2.15 “Stock” means Franklin Resources, Inc. common stock reserved for issuance under the Franklin Resources, Inc. 2002 Universal Stock
Incentive Plan or successor equity compensation plan. 
  
 2.16
“Stock Unit Award” means the grant of a right to receive Stock upon the vesting of the units in recognition of and as a reward for the past efforts and contributions of the Participant on behalf of the Company, with such right to receive
Stock subject to a risk of forfeiture or other restrictions that will lapse based on the completion of service by the Participant, as determined by the Committee. 
  
 2.17 “Target Award” means a potential bonus opportunity for a Participant budgeted at the beginning of the Plan
Year. 
  
 III. PARTICIPATION 
  
 3.1 All Principals and Associates employed by the Company at the beginning
of the Plan Year are eligible to be Participants during that Plan Year. The Committee shall in its sole discretion determine annually which employees are Principals. All other eligible exempt staff are 

 
Associates. The Committee may, in its sole discretion, add exempt employees hired during a Plan Year as either Principals or Associates and may adjust Target
Awards for such persons based upon such interim employment. 
  
 3.2 A non-exempt employee who becomes exempt during a Plan Year shall be eligible for an Incentive Award from the Associates’ Pool, in the Committee’s sole discretion. 
  
 3.3 A Participant who changes status (e.g., Associate to Principal) during a Plan Year shall continue in his former status
for that Plan Year, unless otherwise determined by the Committee. 
  
 3.4 A Participant’s Incentive Award will be based upon an evaluation of a Participant’s overall performance, including the successful accomplishment of annual goals and objectives, as well as other performance factors. A
Participant who receives a formal performance appraisal and whose overall evaluation is at less than the median level of performance relative to such Participant’s peers still remains eligible for an Incentive Award, but the Incentive Award may
be reduced, even to zero. Participants on written warning may be eligible for an Incentive Award at the sole discretion of the Committee, but the Incentive Award may be reduced, even to zero. 
  
 IV. AWARD POOL FUNDING AND INDIVIDUAL AWARDS 
  
 4.1 For each Plan Year, the Committee shall: 
  
 (a) Determine the percentage, not to exceed Twenty Percent
(20%), if any, of PTOI that will be allocated to the Award Pool at various levels of Company performance measured by changes in PTOI from the prior year.
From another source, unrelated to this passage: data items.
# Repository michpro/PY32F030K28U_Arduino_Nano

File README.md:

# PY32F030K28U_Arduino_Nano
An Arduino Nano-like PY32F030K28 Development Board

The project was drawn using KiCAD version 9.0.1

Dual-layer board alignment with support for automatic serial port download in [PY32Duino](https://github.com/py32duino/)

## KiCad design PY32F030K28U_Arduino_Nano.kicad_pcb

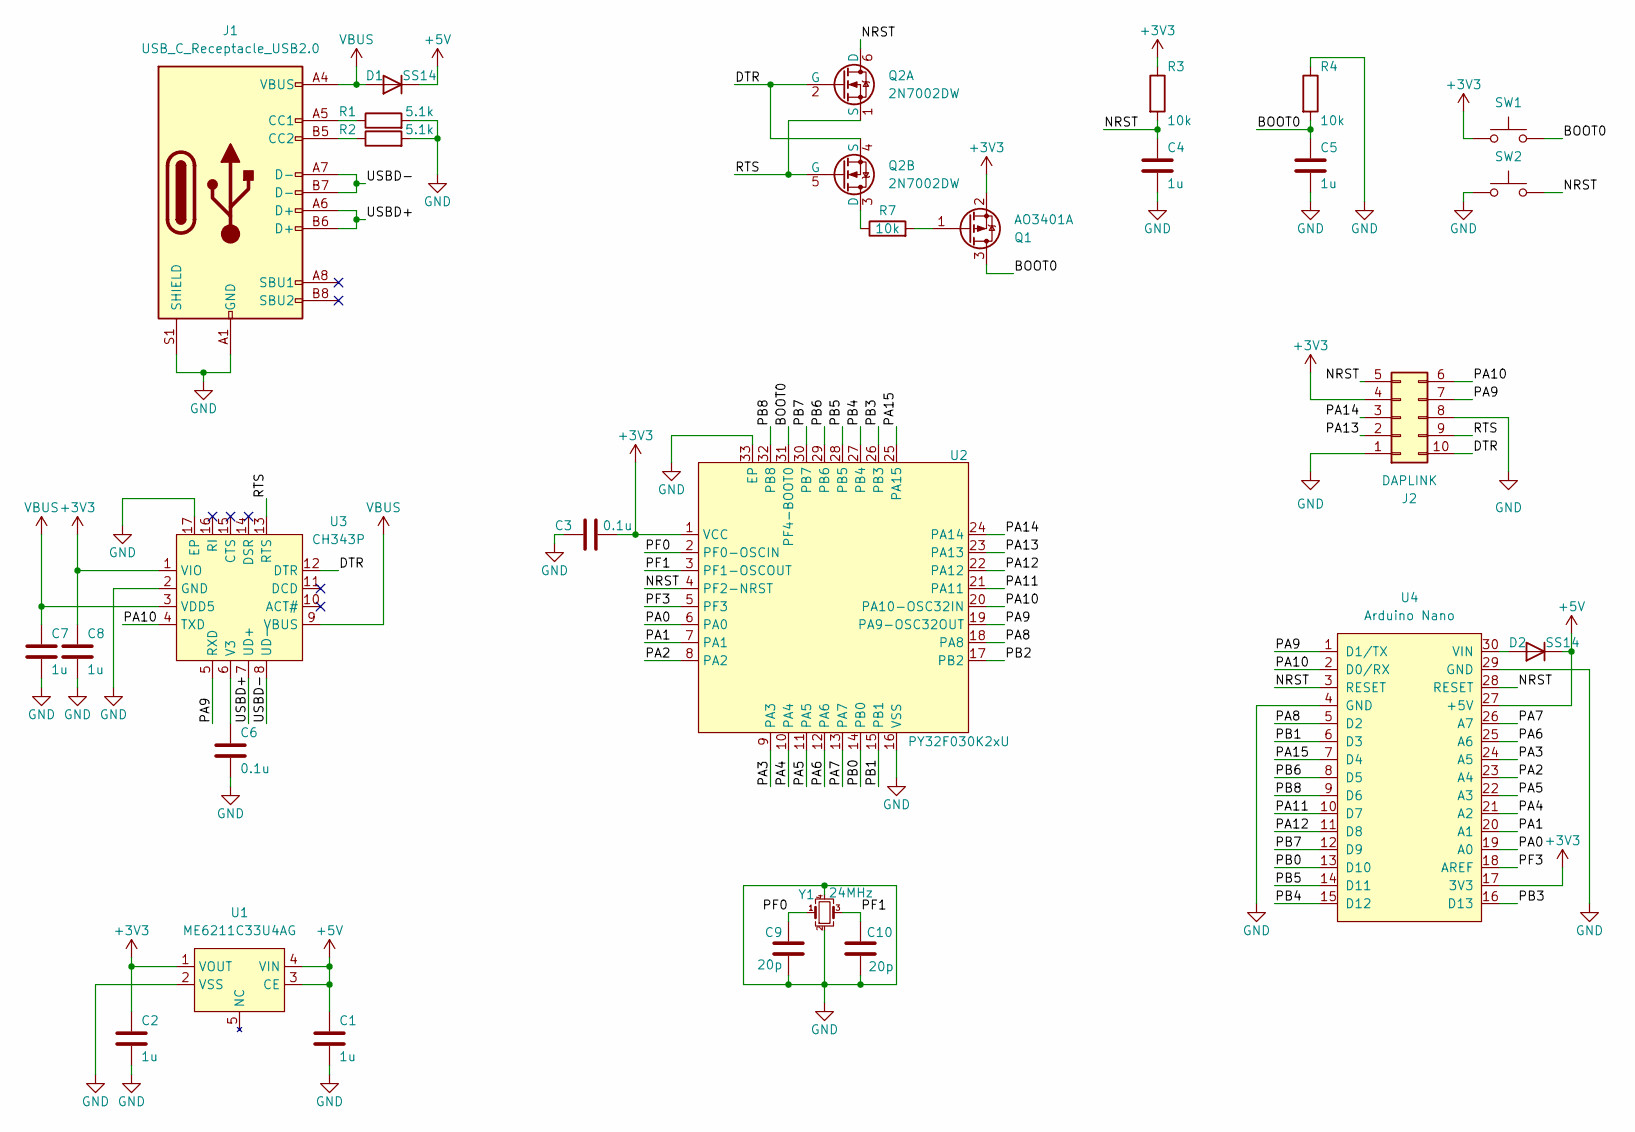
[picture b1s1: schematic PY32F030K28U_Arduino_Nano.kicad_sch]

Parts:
C1, C2, C4, C5, C7, C8: 1u; C_0402_1005Metric
C3, C6: 0.1u; C_0402_1005Metric
C9, C10: 20p; C_0402_1005Metric
D1, D2: SS14; D_SOD-323F
J1: USB_C_Receptacle_USB2.0; USB_C_Receptacle_Palconn_UTC16-G
J2: DAPLINK; DAPLink-port
Q1: AO3401A; SOT-523
Q2: 2N7002DW; SOT-363_SC-70-6
R1, R2: 5.1k; R_0402_1005Metric
R3, R4, R7: 10k; R_0402_1005Metric
SW1, SW2: SW_Push; SW_SPST_PTS810
U1: ME6211C33U4AG; UDFN-4-1EP_1x1mm_P0.65mm_EP0.48x0.48mm
U2: PY32F030K2xU; QFN-32-1EP_5x5mm_P0.5mm_EP3.1x3.1mm
U3: CH343P; QFN-16-1EP_3x3mm_P0.5mm_EP1.7x1.7mm
U4: Arduino Nano
Y1: 24MHz; Crystal_SMD_2016-4Pin_2.0x1.6mm

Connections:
+3V3: C2.1, C3.2, C8.1, J2.4, Q1.2 (S), R3.1, SW1.1, U1.1 (VOUT), U2.1 (VCC), U3.1 (VIO), U4.17 (3V3)
+5V: C1.1, D1.1 (K), D2.1 (K), U1.3 (CE), U1.4 (VIN), U4.27 (+5V)
/BOOT0: C5.1, Q1.3 (D), R4.2, SW1.2, U2.31 (PF4-BOOT0)
/DTR: J2.10, Q2.2 (G), Q2.4 (S), U3.12 (DTR)
/NRST: C4.1, J2.5, Q2.6 (D), R3.2, SW2.2, U2.4 (PF2-NRST), U4.3 (RESET), U4.28 (RESET)
/PA0: U2.6 (PA0), U4.19 (A0)
/PA1: U2.7 (PA1), U4.20 (A1)
/PA2: U2.8 (PA2), U4.23 (A4)
/PA3: U2.9 (PA3), U4.24 (A5)
/PA4: U2.10 (PA4), U4.21 (A2)
/PA5: U2.11 (PA5), U4.22 (A3)
/PA6: U2.12 (PA6), U4.25 (A6)
/PA7: U2.13 (PA7), U4.26 (A7)
/PA8: U2.18 (PA8), U4.5 (D2)
/PA9: J2.7, U2.19 (PA9-OSC32OUT), U3.5 (RXD), U4.1 (D1/TX)
/PA10: J2.6, U2.20 (PA10-OSC32IN), U3.4 (TXD), U4.2 (D0/RX)
/PA11: U2.21 (PA11), U4.10 (D7)
/PA12: U2.22 (PA12), U4.11 (D8)
/PA13: J2.2, U2.23 (PA13)
/PA14: J2.3, U2.24 (PA14)
/PA15: U2.25 (PA15), U4.7 (D4)
/PB0: U2.14 (PB0), U4.13 (D10)
/PB1: U2.15 (PB1), U4.6 (D3)
/PB2: U2.17 (PB2)
/PB3: U2.26 (PB3), U4.16 (D13)
/PB4: U2.27 (PB4), U4.15 (D12)
/PB5: U2.28 (PB5), U4.14 (D11)
/PB6: U2.29 (PB6), U4.8 (D5)
/PB7: U2.30 (PB7), U4.12 (D9)
/PB8: U2.32 (PB8), U4.9 (D6)
/PF0: C9.1, U2.2 (PF0-OSCIN), Y1.1
/PF1: C10.1, U2.3 (PF1-OSCOUT), Y1.3
/PF3: U2.5 (PF3), U4.18 (AREF)
/RTS: J2.9, Q2.1 (S), Q2.5 (G), U3.13 (RTS)
/USBD+: J1.A6 (D+), J1.B6 (D+), U3.7 (UD+)
/USBD-: J1.A7 (D-), J1.B7 (D-), U3.8 (UD-)
GND: C1.2, C2.2, C3.1, C4.2, C5.2, C6.2, C7.2, C8.2, C9.2, C10.2, J1.A1 (GND), J1.A12 (GND), J1.B1 (GND), J1.B12 (GND), J1.S1 (SHIELD), J2.1, J2.8, R1.2, R2.2, R4.1, SW2.1, U1.2 (VSS), U2.16 (VSS), U2.33 (EP), U3.2 (GND), U3.17 (EP), U4.4 (GND), U4.29 (GND), Y1.2, Y1.4
unnamed: D2.2 (A), U4.30 (VIN)
unnamed: J1.A5 (CC1), R1.1
unnamed: J1.B5 (CC2), R2.1
unnamed: Q1.1 (G), R7.2
unnamed: Q2.3 (D), R7.1
unnamed: C6.1, U3.6 (V3)
VBUS: C7.1, D1.2 (A), J1.A4 (VBUS), J1.A9 (VBUS), J1.B4 (VBUS), J1.B9 (VBUS), U3.3 (VDD5), U3.9 (VBUS)

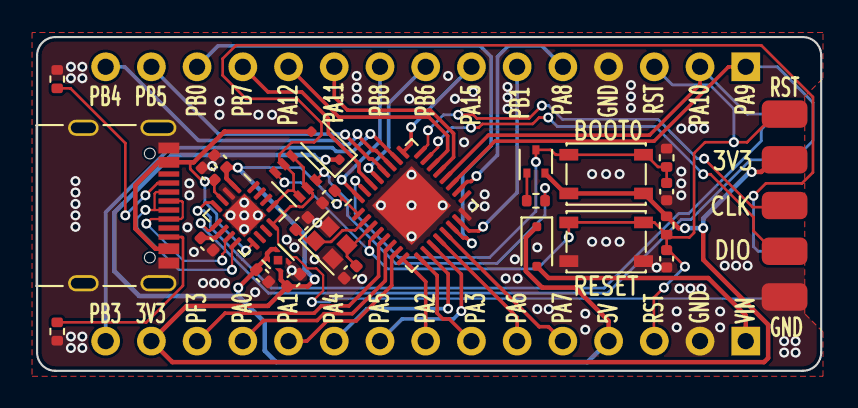
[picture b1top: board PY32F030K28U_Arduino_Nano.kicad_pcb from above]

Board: 2 copper layers, 43.6 x 18.5 mm, 28 parts (0 on the bottom side), 43 nets.

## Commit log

2025-04-13 corrected DRC errors in PCB design
2025-04-14 improved PCB design file

The Committee may also determine if in its opinion prevailing circumstance dictates that the
Award Pool for particular identified groups of Principals and/or Associates shall be based upon the PTOI of particular identified subsidiary or subsidiaries of the Company. The determinations made by the Committee shall be subject to approval of the
Board of Directors of the Company. 
  
 (b)
Determine the allocation of the Award Pool of the Company and any identified subsidiary or subsidiaries of the Company as described in (a) above, between the Associates’ Pool(s) and the Principals’ Pool(s). 
  
 4.2 After consideration of recommendations made by management personnel, the
Committee shall generally determine the amount of Target Awards for Participants under the Plan. The Committee may, in its sole discretion, advise Participants of particular Target Awards or ranges of Target Awards at any time during the Plan Year.

  
 4.3 The actual amounts allocated to the Award Pool, the
Associates’ Pool(s) and/or the Principals’ Pool(s) may be determined and/or revised at any time during or after the end of each Plan Year, based upon actual or projected Company performance and PTOI. 
  
 4.4 Actual Incentive Awards may be determined during or following the end of
each Plan Year. The amount of any Incentive Awards determined and paid prior to the end of a Plan Year shall be credited against the Award Pool for such Plan Year so that the net amount remaining in the Award Pool is available for Incentive Awards
determined and paid after after the end of such Plan Year. Actual Incentive Awards may vary from the Target Awards depending on the PTOI allocated or projected to be allocated to the Award Pool and a Participant’s individual performance.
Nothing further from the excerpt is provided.